Saturday 4 October 2014

Day 63 – Inferiority towards intelligence

When and as I see myself not standing within myself as self direction, as breath when speaking to a person  with high intelligence, I stop and I breathe, I realise that this person is no more special, or important than me, and that I can actually learn a lot from this person by allowing myself to see and be this person's equal thus to not feel or be this person's inferior.

When and as I see myself putting people in class brackets where I judge them from and project a possible future, I stop and I breathe, I realise by doing this I am only living in an illusion with reality that does not exist, thus creating expectations that will never be met, meaning disappointment.

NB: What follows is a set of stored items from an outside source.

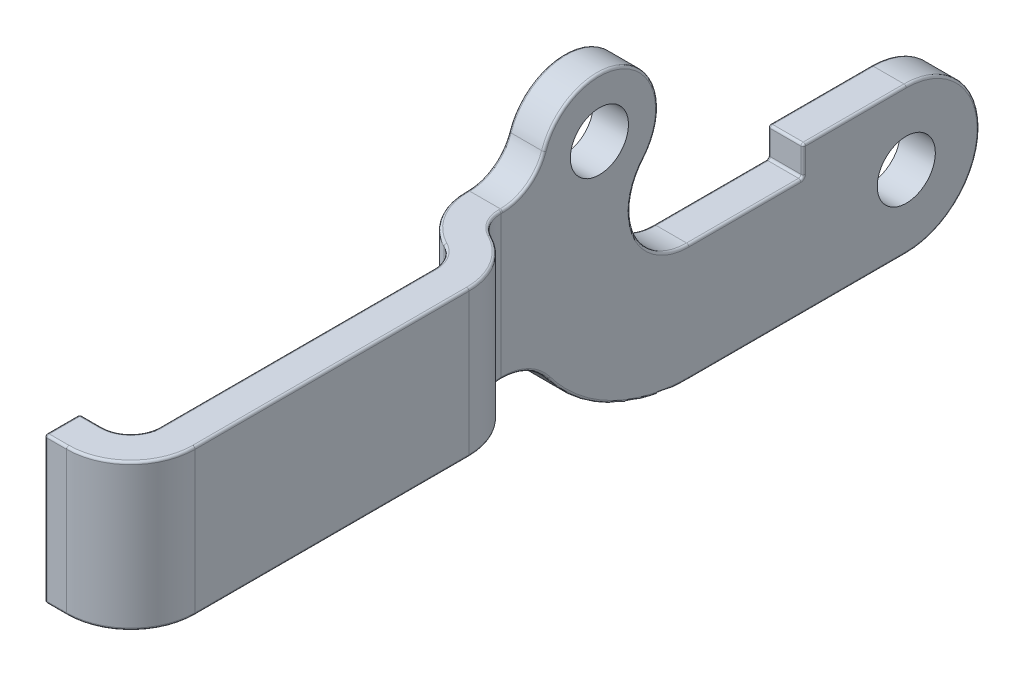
ISO-10303-21;
HEADER;
FILE_DESCRIPTION(('STEP AP214'),'2;1');
FILE_NAME('part.step','',(''),(''),'','','');
FILE_SCHEMA(('AUTOMOTIVE_DESIGN { 1 0 10303 214 1 1 1 1 }'));
ENDSEC;
DATA;
#1=APPLICATION_CONTEXT('core data for automotive mechanical design processes');
#2=APPLICATION_PROTOCOL_DEFINITION('international standard','automotive_design',2000,#1);
#3=PRODUCT_CONTEXT('',#1,'mechanical');
#4=PRODUCT('Part','Part','',(#3));
#5=PRODUCT_RELATED_PRODUCT_CATEGORY('part','',(#4));
#6=PRODUCT_DEFINITION_FORMATION('','',#4);
#7=PRODUCT_DEFINITION_CONTEXT('part definition',#1,'design');
#8=PRODUCT_DEFINITION('design','',#6,#7);
#9=PRODUCT_DEFINITION_SHAPE('','',#8);
#10=(LENGTH_UNIT() NAMED_UNIT(*) SI_UNIT(.MILLI.,.METRE.));
#11=(NAMED_UNIT(*) PLANE_ANGLE_UNIT() SI_UNIT($,.RADIAN.));
#12=(NAMED_UNIT(*) SI_UNIT($,.STERADIAN.) SOLID_ANGLE_UNIT());
#13=UNCERTAINTY_MEASURE_WITH_UNIT(LENGTH_MEASURE(1.E-05),#10,'distance_accuracy_value','');
#14=(GEOMETRIC_REPRESENTATION_CONTEXT(3) GLOBAL_UNCERTAINTY_ASSIGNED_CONTEXT((#13)) GLOBAL_UNIT_ASSIGNED_CONTEXT((#10,
#11,#12)) REPRESENTATION_CONTEXT('',''));
#15=CARTESIAN_POINT('',(0.,0.,0.));
#16=DIRECTION('',(0.,0.,1.));
#17=DIRECTION('',(1.,0.,0.));
#18=AXIS2_PLACEMENT_3D('',#15,#16,#17);
#19=CARTESIAN_POINT('',(0.127000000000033,3.87667409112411,30.5689));
#20=DIRECTION('',(0.,-1.,0.));
#21=DIRECTION('',(1.,0.,0.));
#22=AXIS2_PLACEMENT_3D('',#19,#20,#21);
#23=CYLINDRICAL_SURFACE('',#22,0.127);
#24=CARTESIAN_POINT('',(0.127000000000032,0.10160000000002,30.5689));
#25=DIRECTION('',(0.,-1.,0.));
#26=DIRECTION('',(1.,0.,0.));
#27=AXIS2_PLACEMENT_3D('',#24,#25,#26);
#28=CIRCLE('',#27,0.127);
#29=CARTESIAN_POINT('',(0.,0.10160000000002,30.5689));
#30=VERTEX_POINT('',#29);
#31=CARTESIAN_POINT('',(0.127000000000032,0.10160000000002,30.6959));
#32=VERTEX_POINT('',#31);
#33=EDGE_CURVE('E256',#30,#32,#28,.F.);
#34=ORIENTED_EDGE('',*,*,#33,.T.);
#35=DIRECTION('',(0.,1.,0.));
#36=VECTOR('',#35,1.);
#37=CARTESIAN_POINT('',(0.127000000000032,3.8163481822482,30.6959));
#38=LINE('',#37,#36);
#39=CARTESIAN_POINT('',(0.127000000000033,7.77240000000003,30.6959));
#40=VERTEX_POINT('',#39);
#41=EDGE_CURVE('E260',#32,#40,#38,.T.);
#42=ORIENTED_EDGE('',*,*,#41,.T.);
#43=CARTESIAN_POINT('',(0.127000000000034,7.77240000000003,30.5689));
#44=DIRECTION('',(0.,-1.,0.));
#45=DIRECTION('',(1.,0.,0.));
#46=AXIS2_PLACEMENT_3D('',#43,#44,#45);
#47=CIRCLE('',#46,0.127);
#48=CARTESIAN_POINT('',(0.,7.77240000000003,30.5689));
#49=VERTEX_POINT('',#48);
#50=EDGE_CURVE('E245',#40,#49,#47,.T.);
#51=ORIENTED_EDGE('',*,*,#50,.T.);
#52=DIRECTION('',(0.,-1.,0.));
#53=VECTOR('',#52,1.);
#54=CARTESIAN_POINT('',(0.,3.93700000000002,30.5689));
#55=LINE('',#54,#53);
#56=EDGE_CURVE('E292',#30,#49,#55,.F.);
#57=ORIENTED_EDGE('',*,*,#56,.F.);
#58=EDGE_LOOP('',(#34,#42,#51,#57));
#59=FACE_BOUND('',#58,.T.);
#60=ADVANCED_FACE('F17',(#59),#23,.T.);
#61=CARTESIAN_POINT('',(0.,3.93700000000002,15.7734));
#62=DIRECTION('',(-1.,0.,0.));
#63=DIRECTION('',(0.,-1.,0.));
#64=AXIS2_PLACEMENT_3D('',#61,#62,#63);
#65=PLANE('',#64);
#66=DIRECTION('',(0.,0.,1.));
#67=VECTOR('',#66,1.);
#68=CARTESIAN_POINT('',(0.,0.10160000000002,15.7734));
#69=LINE('',#68,#67);
#70=CARTESIAN_POINT('',(0.,0.10160000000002,28.9179));
#71=VERTEX_POINT('',#70);
#72=EDGE_CURVE('E295',#71,#30,#69,.T.);
#73=ORIENTED_EDGE('',*,*,#72,.T.);
#74=ORIENTED_EDGE('',*,*,#56,.T.);
#75=DIRECTION('',(0.,0.,1.));
#76=VECTOR('',#75,1.);
#77=CARTESIAN_POINT('',(0.,7.77240000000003,15.7734));
#78=LINE('',#77,#76);
#79=CARTESIAN_POINT('',(0.,7.77240000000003,28.9179));
#80=VERTEX_POINT('',#79);
#81=EDGE_CURVE('E298',#49,#80,#78,.F.);
#82=ORIENTED_EDGE('',*,*,#81,.T.);
#83=DIRECTION('',(0.,1.,0.));
#84=VECTOR('',#83,1.);
#85=CARTESIAN_POINT('',(0.,3.87667409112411,28.9179));
#86=LINE('',#85,#84);
#87=EDGE_CURVE('E280',#71,#80,#86,.T.);
#88=ORIENTED_EDGE('',*,*,#87,.F.);
#89=EDGE_LOOP('',(#73,#74,#82,#88));
#90=FACE_BOUND('',#89,.T.);
#91=ADVANCED_FACE('F1315',(#90),#65,.T.);
#92=CARTESIAN_POINT('',(0.59690000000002,3.8163481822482,30.6959));
#93=DIRECTION('',(0.,0.,-1.));
#94=DIRECTION('',(0.,1.,0.));
#95=AXIS2_PLACEMENT_3D('',#92,#93,#94);
#96=PLANE('',#95);
#97=DIRECTION('',(1.,0.,0.));
#98=VECTOR('',#97,1.);
#99=CARTESIAN_POINT('',(0.59690000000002,7.77240000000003,30.6959));
#100=LINE('',#99,#98);
#101=CARTESIAN_POINT('',(1.19380000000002,7.77240000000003,30.6959));
#102=VERTEX_POINT('',#101);
#103=EDGE_CURVE('E264',#40,#102,#100,.T.);
#104=ORIENTED_EDGE('',*,*,#103,.F.);
#105=ORIENTED_EDGE('',*,*,#41,.F.);
#106=DIRECTION('',(1.,0.,0.));
#107=VECTOR('',#106,1.);
#108=CARTESIAN_POINT('',(0.59690000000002,0.10160000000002,30.6959));
#109=LINE('',#108,#107);
#110=CARTESIAN_POINT('',(1.19380000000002,0.10160000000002,30.6959));
#111=VERTEX_POINT('',#110);
#112=EDGE_CURVE('E265',#111,#32,#109,.F.);
#113=ORIENTED_EDGE('',*,*,#112,.F.);
#114=DIRECTION('',(0.,1.,0.));
#115=VECTOR('',#114,1.);
#116=CARTESIAN_POINT('',(1.19380000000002,3.8163481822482,30.6959));
#117=LINE('',#116,#115);
#118=EDGE_CURVE('E278',#102,#111,#117,.F.);
#119=ORIENTED_EDGE('',*,*,#118,.F.);
#120=EDGE_LOOP('',(#104,#105,#113,#119));
#121=FACE_BOUND('',#120,.T.);
#122=ADVANCED_FACE('F276',(#121),#96,.F.);
#123=CARTESIAN_POINT('',(0.127000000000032,3.87667409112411,28.9179));
#124=DIRECTION('',(0.,1.,0.));
#125=DIRECTION('',(-1.,0.,0.));
#126=AXIS2_PLACEMENT_3D('',#123,#124,#125);
#127=CYLINDRICAL_SURFACE('',#126,0.127);
#128=CARTESIAN_POINT('',(0.127000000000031,0.10160000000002,28.9179));
#129=DIRECTION('',(0.,1.,0.));
#130=DIRECTION('',(-1.,0.,0.));
#131=AXIS2_PLACEMENT_3D('',#128,#129,#130);
#132=CIRCLE('',#131,0.127);
#133=CARTESIAN_POINT('',(0.127000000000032,0.10160000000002,28.7909));
#134=VERTEX_POINT('',#133);
#135=EDGE_CURVE('E521',#71,#134,#132,.F.);
#136=ORIENTED_EDGE('',*,*,#135,.F.);
#137=ORIENTED_EDGE('',*,*,#87,.T.);
#138=CARTESIAN_POINT('',(0.127000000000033,7.77240000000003,28.9179));
#139=DIRECTION('',(0.,1.,0.));
#140=DIRECTION('',(-1.,0.,0.));
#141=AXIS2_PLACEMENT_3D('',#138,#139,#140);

When and as I see myself not being able to keep a person interested within my conversation, or my information that I have to offer where it makes me feel like I might have lost the person, I stop and I breathe, I realise that if this is a person's response it means that I have to change my way of speaking or make any amendments necessary to keep the interest of my client.

When and as I see myself feeling inferior because of the fact that I do not understand someone, i stop and I breathe, I realise that this is a great opportunity to gain information and learn something new, and by doing this I have no reason to feel inferior.

When and as I see myself falling into a comfort zone, where I am not moving forward to better myself, I stop and I breathe, I realise that by acting this way I am only hindering myself, and by doing this I am not self directing within the breathe.

When and as I see myself as the inferior because of situations that I don't have direct control over, I stop and I breathe, I realise that I can't do anything about the particular situation, and therefore I have no need to be the inferior because of my actions which I am acting upon - asking the person to repeat themselves.

I commit and allow myself to stand my ground, to find out what lies beneath the unknown and make it  known, so it may be my own.

I commit and allow myself to be here within the breathe, the physical reality of what I can see with my eyes, and allow myself to live for what is here within my conversations that I have with my clients, to be able to be the directive principle of my words and my world.

Thursday 2 October 2014

Day 62 – Inferiority towards intelligence, Part 2

I forgive myself that I have accepted and allowed myself to feel inferior toward a person because of the intellectual power they may possess, and that I am allowing myself to feel shaken within this conversation, instead of standing my ground and follow simple self direction.

I forgive myself that I have accepted and allowed myself to put people and brackets - giving them class - and through this judge them and create expectation to what might happen, or how the conversation might go, instead of being here in the present accepting things for as it is, and to see it playing out for what it is, instead of creating projected ideas of how things may play out, for as they don't play out as expected - I would be lost.

I forgive myself for I have accepted and allowed myself to find it difficult to keep this person interested within my conversation because of the fact that he already understood 70% of what I am saying, and even predicting my next words that I want to use.

I forgive myself that I have accepted and allowed myself to want to judge myself for the idea of me not understanding the new kind of slang that I am introduced to, and thus have to ask question over and over, where as the person has to repeat themselves to me.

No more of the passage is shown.